The second vehicle for caring for a pet is a trust. In the trust, the grantor/pet owner designates a trustee. In addition, the grantor/pet owner appoints a caregiver. The trustee has a duty to compel the appointed caregiver to care for the pet as define in the trust. The pet owner’s desires are memorialized, binding on the trustee and caregiver, and thus enforceable under the law. The trust can become effective upon death or upon execution. A trust that becomes effective upon execution provides for the pet’s care if the pet owner is disabled. Questions to ask yourself:
1. Who should I appoint as trustee and successor trustee who will make sure the caregiver is providing the level of care as define in the trust?

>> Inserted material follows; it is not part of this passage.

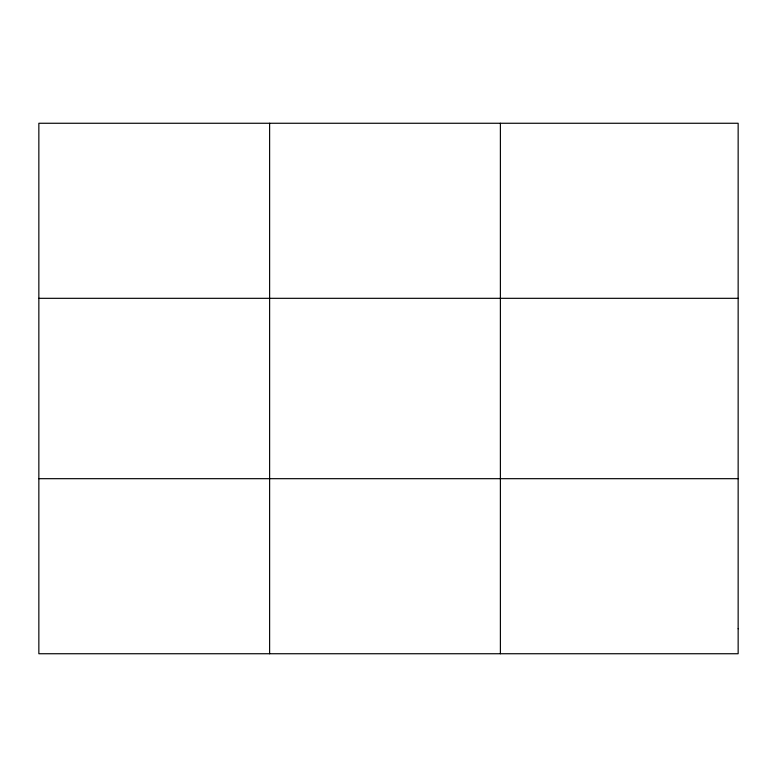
<?xml version="1.0" encoding="UTF-8"?>
<svg xmlns="http://www.w3.org/2000/svg" width="777" height="777" viewBox="0 0 777 777"><rect width="100%" height="100%" fill="white"/><g stroke="black" fill="none" stroke-linecap="round" stroke-linejoin="round"><path stroke-width="1.17" d="M269.619 123.261L269.619 653.739M500.388 123.261L500.388 653.739M38.85 298.319L738.15 298.319M38.85 478.681L738.15 478.681M738.15 628.739L738.15 653.739L38.85 653.739L38.85 123.261L738.15 123.261L738.15 628.739"/></g></svg>

2. Who should I appoint as the caregiver of my pet. Who should I appoint as the successor caregiver of my pet?
3. What standard of care do I want for my pet? Consider food, shelter, medical care, grooming, walks, socialization, and boarding.
4. Do you want your pet buried or cremated? What factors do you want the caregiver and trustee to consider before allowing a pet to die or be euthanized?
5. How much do I want to pay my trustee and caregiver for their services?
6. How will the trustee identify my pet? Provide your pet’s microchip number, photographs or registration papers.
7. Who will receive any funds remaining in the trust once my pet has died? You may wish to leave remaining funds to family members, or charitable organizations. The caretaker should not receive any left-over funds in the trust after your pet dies.